In this case, we expect the crime rate to go up every year in February and near the end of the year in September, October and November in light of the past data. But is the series actually seasonal? Or is just sampling error? So we perform a simple statistical test to test for seasonality.

library(fma)
fit1<- ets(tser)
fit2<- ets(tser, model = "ANN")
deviance<- 2*c(logLik(fit1)- logLik(fit2))
df<- attributes(logLik(fit1))$df-attributes(logLik(fit2))$df
1-pchisq(deviance, df)
## [1] 2.41962e-12

The resulting p-value is 2.41962e-12, so the additional seasonal component is significant. Which means, in the coming years we can most likely see a rise in the frequency of crimes at the beginning of the year in February and near the end of the year in and around September.

Forecasts from ETS model

{par(bg="aquamarine")
plot(forecast(ets(tser)), ylim= c(0,800), xlab="Year",ylab="Frequency", main = "Forecast from ETS model", sub="Crimes in Future", lty = 1, col = "black", lwd = 1)}

As expected, the predicted values are high for the months of February and September.

3. End Notes and Conclusion

Identifying and analysisng patterns and trends in crime can help law enforcement agencies deploy resources in a more effective manner.

Frequency of the crime in Delhi depends on Moths of the year, Weeks of the month, Day of the weeks, Location and Hour of the day.

Girls should be carefull while travelling to these areas. They should carry a pepper spray in their pocket or in side pocket of their bags where it can be easily accessed. Police should patrol these areas especially during the hours when crimes are more probable to occur i.e. at afternoon (10 to 2) and at night.

Patrolling should be more intensive on those weekdays and months during which crimes are highly probable according to the area.
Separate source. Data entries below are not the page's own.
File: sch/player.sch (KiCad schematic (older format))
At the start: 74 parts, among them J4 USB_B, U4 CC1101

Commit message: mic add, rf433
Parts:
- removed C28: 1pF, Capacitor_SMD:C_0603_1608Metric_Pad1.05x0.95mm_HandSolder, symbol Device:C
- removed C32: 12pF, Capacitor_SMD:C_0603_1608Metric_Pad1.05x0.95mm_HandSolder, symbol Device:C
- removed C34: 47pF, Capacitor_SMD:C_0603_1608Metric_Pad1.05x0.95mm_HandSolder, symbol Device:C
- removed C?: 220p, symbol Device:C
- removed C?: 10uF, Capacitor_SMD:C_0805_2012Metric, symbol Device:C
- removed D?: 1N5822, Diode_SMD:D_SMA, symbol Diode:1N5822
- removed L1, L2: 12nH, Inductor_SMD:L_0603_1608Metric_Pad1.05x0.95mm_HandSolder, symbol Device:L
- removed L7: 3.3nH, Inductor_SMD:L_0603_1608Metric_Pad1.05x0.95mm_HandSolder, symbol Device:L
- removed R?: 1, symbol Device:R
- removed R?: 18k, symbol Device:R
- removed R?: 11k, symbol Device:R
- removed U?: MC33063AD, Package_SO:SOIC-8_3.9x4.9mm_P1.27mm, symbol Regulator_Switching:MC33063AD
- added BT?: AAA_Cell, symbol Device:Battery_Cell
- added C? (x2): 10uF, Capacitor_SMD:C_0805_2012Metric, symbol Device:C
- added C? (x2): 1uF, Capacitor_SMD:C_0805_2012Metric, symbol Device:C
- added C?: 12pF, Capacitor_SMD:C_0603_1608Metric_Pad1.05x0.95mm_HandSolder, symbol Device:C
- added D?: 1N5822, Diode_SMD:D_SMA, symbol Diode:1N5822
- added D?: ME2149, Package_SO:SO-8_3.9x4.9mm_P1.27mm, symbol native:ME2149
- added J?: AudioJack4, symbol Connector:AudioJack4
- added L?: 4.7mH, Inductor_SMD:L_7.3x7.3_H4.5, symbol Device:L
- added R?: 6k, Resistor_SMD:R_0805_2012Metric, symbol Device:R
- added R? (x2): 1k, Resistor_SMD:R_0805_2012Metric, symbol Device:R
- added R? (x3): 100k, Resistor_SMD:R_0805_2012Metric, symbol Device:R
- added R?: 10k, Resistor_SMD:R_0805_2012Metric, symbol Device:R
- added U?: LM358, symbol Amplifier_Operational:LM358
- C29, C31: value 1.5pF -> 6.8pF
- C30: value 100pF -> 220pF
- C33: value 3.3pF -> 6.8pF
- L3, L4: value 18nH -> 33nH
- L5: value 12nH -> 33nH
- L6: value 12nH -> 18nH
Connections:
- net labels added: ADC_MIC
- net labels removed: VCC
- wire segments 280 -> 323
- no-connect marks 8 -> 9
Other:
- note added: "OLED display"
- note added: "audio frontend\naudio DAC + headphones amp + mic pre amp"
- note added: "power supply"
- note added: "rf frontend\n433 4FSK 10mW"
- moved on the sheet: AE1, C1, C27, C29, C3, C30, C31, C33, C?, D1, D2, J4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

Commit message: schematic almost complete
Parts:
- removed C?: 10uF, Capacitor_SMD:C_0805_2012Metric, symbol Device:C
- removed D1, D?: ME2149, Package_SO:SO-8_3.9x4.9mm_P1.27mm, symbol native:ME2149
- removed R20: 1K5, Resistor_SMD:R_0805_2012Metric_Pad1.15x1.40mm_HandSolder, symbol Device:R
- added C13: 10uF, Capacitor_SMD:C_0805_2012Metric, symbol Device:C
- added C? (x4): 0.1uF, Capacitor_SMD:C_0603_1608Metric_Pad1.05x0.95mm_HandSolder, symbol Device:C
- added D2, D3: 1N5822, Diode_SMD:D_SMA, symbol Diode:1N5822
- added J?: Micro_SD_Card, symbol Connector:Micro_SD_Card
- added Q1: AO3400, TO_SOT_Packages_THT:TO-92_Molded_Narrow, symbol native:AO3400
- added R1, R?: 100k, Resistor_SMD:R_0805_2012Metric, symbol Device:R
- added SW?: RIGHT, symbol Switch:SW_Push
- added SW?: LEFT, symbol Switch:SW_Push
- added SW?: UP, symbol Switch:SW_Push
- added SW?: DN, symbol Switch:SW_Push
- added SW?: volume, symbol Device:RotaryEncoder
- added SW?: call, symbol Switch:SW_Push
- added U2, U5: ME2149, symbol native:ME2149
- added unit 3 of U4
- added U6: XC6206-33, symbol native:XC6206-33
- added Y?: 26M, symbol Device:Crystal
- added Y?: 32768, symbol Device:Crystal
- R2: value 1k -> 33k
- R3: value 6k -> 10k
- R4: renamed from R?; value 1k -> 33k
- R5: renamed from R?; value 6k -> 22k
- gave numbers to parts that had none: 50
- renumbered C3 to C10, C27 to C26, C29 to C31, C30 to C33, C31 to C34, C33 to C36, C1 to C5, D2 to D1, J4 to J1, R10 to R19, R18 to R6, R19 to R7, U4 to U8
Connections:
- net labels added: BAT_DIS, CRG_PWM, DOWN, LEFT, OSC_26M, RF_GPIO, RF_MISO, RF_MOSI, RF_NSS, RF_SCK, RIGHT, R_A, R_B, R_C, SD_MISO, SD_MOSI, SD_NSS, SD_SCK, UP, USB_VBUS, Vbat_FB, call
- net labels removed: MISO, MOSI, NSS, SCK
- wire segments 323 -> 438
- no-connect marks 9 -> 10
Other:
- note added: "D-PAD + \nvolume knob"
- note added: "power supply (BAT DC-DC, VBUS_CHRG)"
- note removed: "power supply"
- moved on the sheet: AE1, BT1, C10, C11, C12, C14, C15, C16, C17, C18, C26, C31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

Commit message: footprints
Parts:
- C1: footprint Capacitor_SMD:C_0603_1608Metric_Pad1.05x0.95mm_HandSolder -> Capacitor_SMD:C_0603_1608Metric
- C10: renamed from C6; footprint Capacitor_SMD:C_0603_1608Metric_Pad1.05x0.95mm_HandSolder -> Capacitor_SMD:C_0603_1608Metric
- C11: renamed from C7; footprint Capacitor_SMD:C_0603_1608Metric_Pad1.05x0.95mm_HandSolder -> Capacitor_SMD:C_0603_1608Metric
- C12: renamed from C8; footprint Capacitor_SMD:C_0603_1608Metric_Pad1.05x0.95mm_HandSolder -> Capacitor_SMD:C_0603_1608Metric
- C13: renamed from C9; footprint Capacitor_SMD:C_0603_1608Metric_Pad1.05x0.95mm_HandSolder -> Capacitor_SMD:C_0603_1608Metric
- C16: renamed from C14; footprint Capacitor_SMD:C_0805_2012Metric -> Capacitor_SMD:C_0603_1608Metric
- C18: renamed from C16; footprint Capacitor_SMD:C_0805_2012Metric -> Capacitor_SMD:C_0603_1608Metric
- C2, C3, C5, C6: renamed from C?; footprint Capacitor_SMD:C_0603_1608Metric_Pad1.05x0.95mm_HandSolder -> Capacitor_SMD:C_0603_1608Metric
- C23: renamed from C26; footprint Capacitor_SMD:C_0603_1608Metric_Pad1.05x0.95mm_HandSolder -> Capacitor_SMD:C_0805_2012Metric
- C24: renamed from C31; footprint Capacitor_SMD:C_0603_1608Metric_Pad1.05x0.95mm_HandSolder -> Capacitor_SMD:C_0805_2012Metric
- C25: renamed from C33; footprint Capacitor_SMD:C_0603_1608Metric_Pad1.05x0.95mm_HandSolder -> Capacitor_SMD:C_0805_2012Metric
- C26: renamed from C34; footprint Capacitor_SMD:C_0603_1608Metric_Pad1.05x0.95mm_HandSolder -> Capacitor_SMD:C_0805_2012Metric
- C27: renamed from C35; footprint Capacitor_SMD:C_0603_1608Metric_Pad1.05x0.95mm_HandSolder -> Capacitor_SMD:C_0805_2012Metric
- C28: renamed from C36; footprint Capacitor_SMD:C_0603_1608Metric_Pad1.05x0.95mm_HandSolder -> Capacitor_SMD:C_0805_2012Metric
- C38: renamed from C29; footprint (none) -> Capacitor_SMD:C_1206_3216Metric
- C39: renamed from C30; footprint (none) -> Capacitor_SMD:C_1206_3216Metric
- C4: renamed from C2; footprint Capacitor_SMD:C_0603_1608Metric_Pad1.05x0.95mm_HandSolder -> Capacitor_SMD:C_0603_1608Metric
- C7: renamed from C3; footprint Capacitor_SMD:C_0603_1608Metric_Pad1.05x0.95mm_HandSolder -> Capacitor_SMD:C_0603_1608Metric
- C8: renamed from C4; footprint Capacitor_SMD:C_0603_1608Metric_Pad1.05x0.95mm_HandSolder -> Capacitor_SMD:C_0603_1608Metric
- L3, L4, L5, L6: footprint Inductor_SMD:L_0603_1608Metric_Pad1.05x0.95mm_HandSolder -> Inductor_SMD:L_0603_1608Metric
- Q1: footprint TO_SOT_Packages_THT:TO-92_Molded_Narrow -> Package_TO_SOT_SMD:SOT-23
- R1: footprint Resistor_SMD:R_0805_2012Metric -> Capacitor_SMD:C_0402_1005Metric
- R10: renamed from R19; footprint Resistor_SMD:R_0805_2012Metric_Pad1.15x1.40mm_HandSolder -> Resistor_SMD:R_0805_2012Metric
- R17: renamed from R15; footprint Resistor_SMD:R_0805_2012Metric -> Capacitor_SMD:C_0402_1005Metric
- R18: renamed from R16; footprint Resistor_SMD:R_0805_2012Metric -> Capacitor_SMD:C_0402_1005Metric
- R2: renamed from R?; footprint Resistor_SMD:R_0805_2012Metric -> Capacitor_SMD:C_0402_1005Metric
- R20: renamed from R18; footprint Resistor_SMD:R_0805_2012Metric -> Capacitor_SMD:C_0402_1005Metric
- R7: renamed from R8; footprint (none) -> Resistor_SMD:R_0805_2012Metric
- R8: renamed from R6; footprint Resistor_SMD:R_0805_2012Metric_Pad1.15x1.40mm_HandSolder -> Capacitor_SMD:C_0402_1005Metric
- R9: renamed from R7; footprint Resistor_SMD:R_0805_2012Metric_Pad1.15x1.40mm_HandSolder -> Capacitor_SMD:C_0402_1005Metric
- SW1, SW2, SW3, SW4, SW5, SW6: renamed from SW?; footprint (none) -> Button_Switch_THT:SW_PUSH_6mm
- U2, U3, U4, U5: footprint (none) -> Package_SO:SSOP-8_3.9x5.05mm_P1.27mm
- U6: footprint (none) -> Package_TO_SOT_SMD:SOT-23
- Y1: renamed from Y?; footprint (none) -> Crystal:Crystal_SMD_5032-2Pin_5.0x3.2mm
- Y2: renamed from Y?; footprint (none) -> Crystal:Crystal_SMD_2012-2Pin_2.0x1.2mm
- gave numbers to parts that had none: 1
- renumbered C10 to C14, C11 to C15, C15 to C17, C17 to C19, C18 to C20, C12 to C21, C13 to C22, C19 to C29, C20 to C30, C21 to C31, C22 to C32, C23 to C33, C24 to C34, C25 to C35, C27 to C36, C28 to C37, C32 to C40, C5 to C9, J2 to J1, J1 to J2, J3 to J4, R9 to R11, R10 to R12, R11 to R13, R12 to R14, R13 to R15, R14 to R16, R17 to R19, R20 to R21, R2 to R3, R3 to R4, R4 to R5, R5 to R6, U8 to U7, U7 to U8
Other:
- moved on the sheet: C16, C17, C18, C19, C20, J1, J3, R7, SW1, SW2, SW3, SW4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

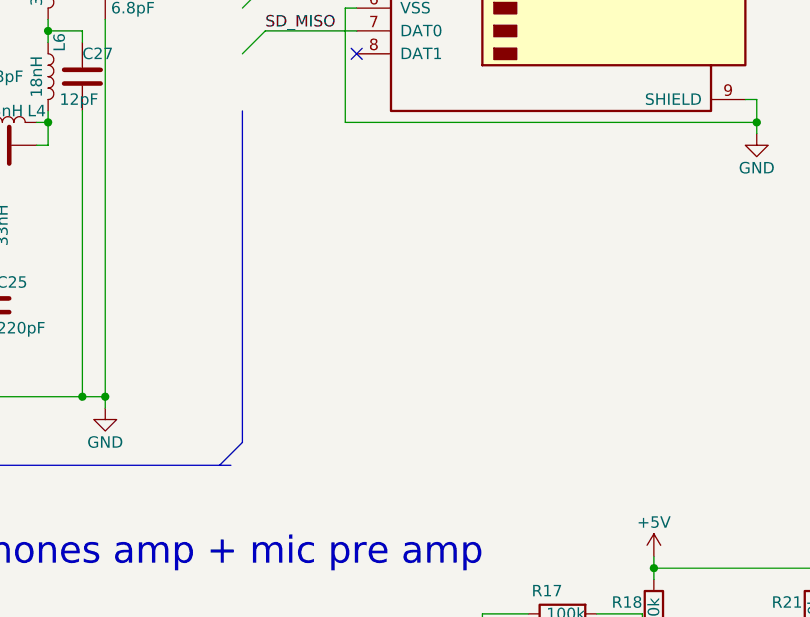
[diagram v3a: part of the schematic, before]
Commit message: 5807 FM sch add
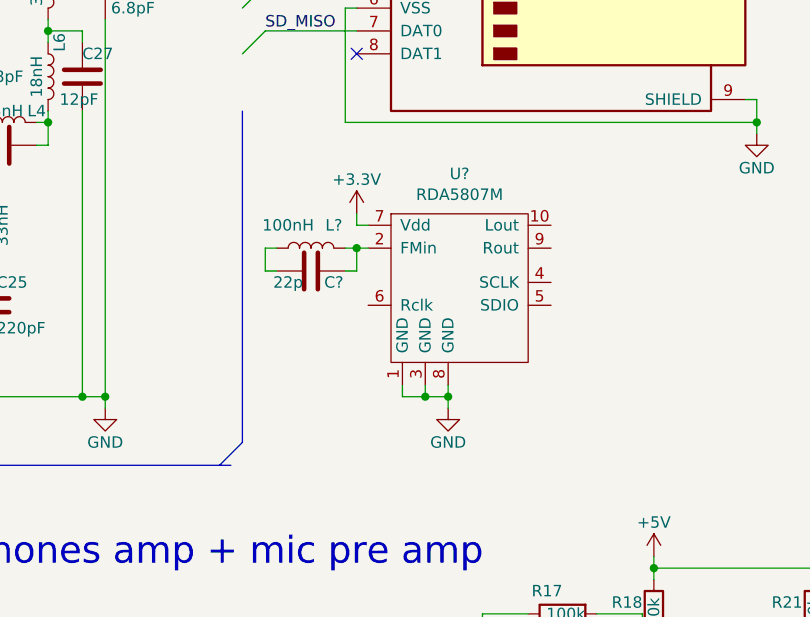
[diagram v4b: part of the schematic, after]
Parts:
- added C?: 22p, symbol Device:C
- added L?: 100nH, symbol Device:L
- added U?: RDA5807M, symbol native:RDA5807M
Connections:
- wire segments 438 -> 453
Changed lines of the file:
@@
 Wire Bus Line
 	8050 1950 8050 3400
+$Comp
+L native:RDA5807M U?
+U 1 1 61D26FB3
+P 9000 2600
+F 0 "U?" H 9000 2975 50  0000 C CNN
+F 1 "RDA5807M" H 9000 2884 50  0000 C CNN
+F 2 "" H 9000 2550 50  0001 C CNN
+F 3 "" H 9000 2550 50  0001 C CNN
+	1    9000 2600
+	1    0    0    -1
+$EndComp
+$Comp
+L power:+3.3V #PWR?
+U 1 1 61D2DFC9
+P 8550 2400
+F 0 "#PWR?" H 8550 2250 50  0001 C CNN
+F 1 "+3.3V" H 8550 2550 50  0000 C CNN
+F 2 "" H 8550 2400 50  0001 C CNN
+F 3 "" H 8550 2400 50  0001 C CNN
+	1    8550 2400
+	1    0    0    -1
+$EndComp
+Wire Wire Line
+	8550 2400 8550 2450
+Wire Wire Line
+	8550 2450 8600 2450
+$Comp
+L power:GND #PWR?
+U 1 1 61D72BB2
+P 8950 3250
+F 0 "#PWR?" H 8950 3000 50  0001 C CNN
+F 1 "GND" H 8950 3100 50  0000 C CNN
+F 2 "" H 8950 3250 50  0001 C CNN
+F 3 "" H 8950 3250 50  0001 C CNN
+	1    8950 3250
+	1    0    0    -1
+$EndComp
+Wire Wire Line
+	8750 3150 8750 3200
+Wire Wire Line
+	8750 3200 8850 3200
+Wire Wire Line
+	8850 3200 8850 3150
+Wire Wire Line
+	8850 3200 8950 3200
+Wire Wire Line
+	8950 3200 8950 3150
+Connection ~ 8850 3200
+Wire Wire Line
+	8950 3250 8950 3200
+Connection ~ 8950 3200
+$Comp
+L Device:L L?
+U 1 1 61E7B564
+P 8350 2550
+F 0 "L?" V 8450 2450 50  0000 C CNN
+F 1 "100nH" V 8450 2650 50  0000 C CNN
+F 2 "" H 8350 2550 50  0001 C CNN
+F 3 "~" H 8350 2550 50  0001 C CNN
+	1    8350 2550
+	0    -1   -1   0
+$EndComp
+$Comp
+L Device:C C?
+U 1 1 61E7C3A6
+P 8350 2650
+F 0 "C?" V 8300 2550 50  0000 C CNN
+F 1 "22p" V 8300 2750 50  0000 C CNN
+F 2 "" H 8388 2500 50  0001 C CNN
+F 3 "~" H 8350 2650 50  0001 C CNN
+	1    8350 2650
+	0    -1   -1   0
+$EndComp
+Wire Wire Line
+	8600 2550 8550 2550
+Wire Wire Line
+	8550 2550 8550 2650
+Wire Wire Line
+	8550 2650 8500 2650
+Connection ~ 8550 2550
+Wire Wire Line
+	8550 2550 8500 2550
+Wire Wire Line
+	8200 2550 8150 2550
+Wire Wire Line
+	8150 2550 8150 2650
+Wire Wire Line
+	8150 2650 8200 2650
 Wire Bus Line
 	5200 3500 8000 3500

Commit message: sch ok
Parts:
- added C?: 0.1uF, Capacitor_SMD:C_0603_1608Metric, symbol Device:C
- added C? (x2): 22p, symbol Device:C
- added J?: SWD, symbol Connector_Generic:Conn_01x03
- added Q?: AO3400, Package_TO_SOT_SMD:SOT-23, symbol native:AO3400
- added Q?: 2SC3583, Package_TO_SOT_THT:TO-92_Inline, symbol Transistor_BJT:2SC1815
- added R? (x3): 100k, Capacitor_SMD:C_0402_1005Metric, symbol Device:R
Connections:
- net labels added: ANT, ANT_IN, PA_ANT, RDA_CLK, RDA_L, RDA_R, RDA_SCL, RDA_SDA, SWCLK, SWDIO
- wire segments 453 -> 506
- no-connect marks 10 -> 13
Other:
- moved on the sheet: C34, C35, C36, C37, C38, C39, C40, J2, J4, R17, R18, R19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

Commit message: rda registers
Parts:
- removed U9: LM4811, Package_SO:TSSOP-10_3x3mm_P0.5mm, symbol Amplifier_Audio:LM4811
- added U9: LM4810, Package_SO:TSSOP-8_3x3mm_P0.65mm, symbol Amplifier_Audio:LM4810
- C1, C10, C11, C12, C13, C16, C18, C2, C3, C4, C5, C6, C7, C8: footprint Capacitor_SMD:C_0603_1608Metric -> Capacitor_SMD:C_0402_1005Metric
- C41: renamed from C?; footprint Capacitor_SMD:C_0603_1608Metric -> Capacitor_SMD:C_0402_1005Metric
- C42, C43, C44: renamed from C?; footprint (none) -> Capacitor_SMD:C_0402_1005Metric
- J2: footprint Connector_Wire:SolderWire-0.127sqmm_1x05_P3.7mm_D0.48mm_OD1mm -> Connector_USB:USB_Micro-B_Molex_47346-0001
- L7: renamed from L?; footprint (none) -> Inductor_SMD:L_0603_1608Metric
- Q3: renamed from Q?; footprint Package_TO_SOT_THT:TO-92_Inline -> Package_TO_SOT_SMD:SOT-23
- U10: renamed from U?; footprint (none) -> Package_SO:MSOP-10_3x3mm_P0.5mm
- U8: footprint DBQ16 -> Package_SO:SSOP-16_3.9x4.9mm_P0.635mm
- gave numbers to parts that had none: 5
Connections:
- net +5V: now also U9.8 (VDD)
- net GND: now also U9.4 (GND)
- net at C38.1: now also U9.1 (VOUT1)
- net at C34.1: now also U9.2 (VIN1)
- net at C36.2: now also U9.3 (BYPASS)
- net at C35.1: now also U9.6 (VIN2)
- net at C39.1: now also U9.7 (VOUT2)
- new net SND_ON: U9.5 (SHDN)

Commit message: add micro and audio checked
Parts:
- removed C38, C39: 100uF, Capacitor_SMD:C_1206_3216Metric, symbol Device:C_Polarized
- removed SW2: volume, Button_Switch_THT:SW_PUSH_6mm, symbol Device:RotaryEncoder
- added C38, C39: 100uF, Capacitor_SMD:C_1206_3216Metric, symbol Device:CP
- added C45: 1uF, Capacitor_SMD:C_0805_2012Metric, symbol Device:C
- added MK1: Mic, Capacitor_THT:CP_Radial_D5.0mm_P2.50mm, symbol Device:Microphone_Condenser
- added Q4: AO3400, Package_TO_SOT_SMD:SOT-23, symbol native:AO3400
- added R25: 100k, Resistor_SMD:R_0402_1005Metric, symbol Device:R
- added R26, R27: 33R, Resistor_SMD:R_0402_1005Metric, symbol Device:R
- added R28, R29, R30, R31, R32, R33: 10k, Resistor_SMD:R_0402_1005Metric, symbol Device:R
- added SW2: volume, local:mouse_encoder, symbol Device:Rotary_Encoder
- BT1: footprint (none) -> Connector_PinHeader_2.54mm:PinHeader_2x01_P2.54mm_Vertical
- C15: footprint Capacitor_SMD:C_0603_1608Metric_Pad1.05x0.95mm_HandSolder -> Capacitor_SMD:C_0805_2012Metric
- C23: footprint Capacitor_SMD:C_0805_2012Metric -> Capacitor_SMD:C_0402_1005Metric
- C24, C25, C26, C27, C28: footprint Capacitor_SMD:C_0805_2012Metric -> Capacitor_SMD:C_0603_1608Metric
- C29, C30: value 68nF -> 0.33uF; footprint Capacitor_SMD:C_0805_2012Metric -> Capacitor_SMD:C_0603_1608Metric
- C32, C33: value 1nF -> 470p; footprint Capacitor_SMD:C_0805_2012Metric -> Capacitor_SMD:C_0603_1608Metric
- J1: footprint (none) -> local:display_14p
- J3: footprint (none) -> Connector_Card:microSD_HC_Hirose_DM3BT-DSF-PEJS
- J4: footprint (none) -> Connector_Audio:Jack_3.5mm_PJ320D_Horizontal
- J5: footprint (none) -> local:3WIRE_PADS
- L2: footprint Inductor_SMD:L_7.3x7.3_H4.5 -> Inductor_SMD:L_1206_3216Metric
- R1, R2, R20, R22, R23, R24, R8, R9: footprint Capacitor_SMD:C_0402_1005Metric -> Resistor_SMD:R_0402_1005Metric
- R10, R21, R4: footprint Resistor_SMD:R_0805_2012Metric -> Resistor_SMD:R_0402_1005Metric
- R11, R12, R13, R14: value 680 -> 33R; footprint Resistor_SMD:R_0805_2012Metric -> Resistor_SMD:R_0402_1005Metric
- R15, R16: value 1,5k -> 10k; footprint Resistor_SMD:R_0805_2012Metric -> Resistor_SMD:R_0402_1005Metric
- U7: footprint belkin:cc1101 -> local:cc1101
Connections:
- net +5V: now also R33.1
- net GND: now also J4.R2, U7.3 (GDO2), U8.5 (NC), MK1.2 (+), R25.2; no longer J4.T
- net RDA_L: now also R26.1; no longer C33.2, C35.2, R14.1, U3.7
- net RDA_R: now also R27.2; no longer C32.2, C34.2, R13.1, U3.1
- net R_A: now also SW2.A
- net R_B: now also SW2.B
- net R_C: now also SW2.C
- net at U8.7 (VOUTL): now also R11.1, R26.2; no longer R12.1
- net at U8.8 (VOUTR): now also R12.1, R27.1; no longer R11.1
- net MIC_ON: now reaches U1.35 (PB14)
- net MIC_ON: now also R32.1
- net at C40.2, R21.2: now also J4.S; no longer J4.R1
- net at U9.7 (VOUT2): now also C39.1, R31.2
- net at U9.1 (VOUT1): now also C38.1, R30.2
- net at C34.1: now also R28.1; no longer U9.2 (VIN1)
- net at C35.1: now also R29.1; no longer U9.6 (VIN2)
- net at C40.1, R19.2: now also C45.1
- new net: C32.2, C34.2, R13.1, U3.1
- new net: C33.2, C35.2, R14.1, U3.7
- new net: C38.2, J4.R1
- new net: C39.2, J4.T
- new net: R28.2, R30.1, U9.2 (VIN1)
- new net: R29.2, R31.1, U9.6 (VIN2)
- new net: C45.2, MK1.1 (-), Q4.2 (S)
- new net: Q4.1 (G), R25.1, R32.2
- new net: Q4.3 (D), R33.2
- no-connect marks 13 -> 10
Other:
- moved on the sheet: C29, C30, C31, C32, C33, C34, C35, R11, R12, R13, R14, R15

For e.g. The areas which experience the most crime during the month of February are the ones with following pincodes:

head(sort(table(Delhi3$pincodes[Delhi3$MONTH=="February"]), decreasing = T))
## 
## 110075 110078 110002 110007 110059 110001 
##    223     82     81     64     48     41

These areas should be more intensively patrolled during the Month of February.


  1. Pincodes of the areas were used in place of name of the areas. Areas reported in parenthesis are actaully the ones that a particular pincode is covering and the district is mentioned before it.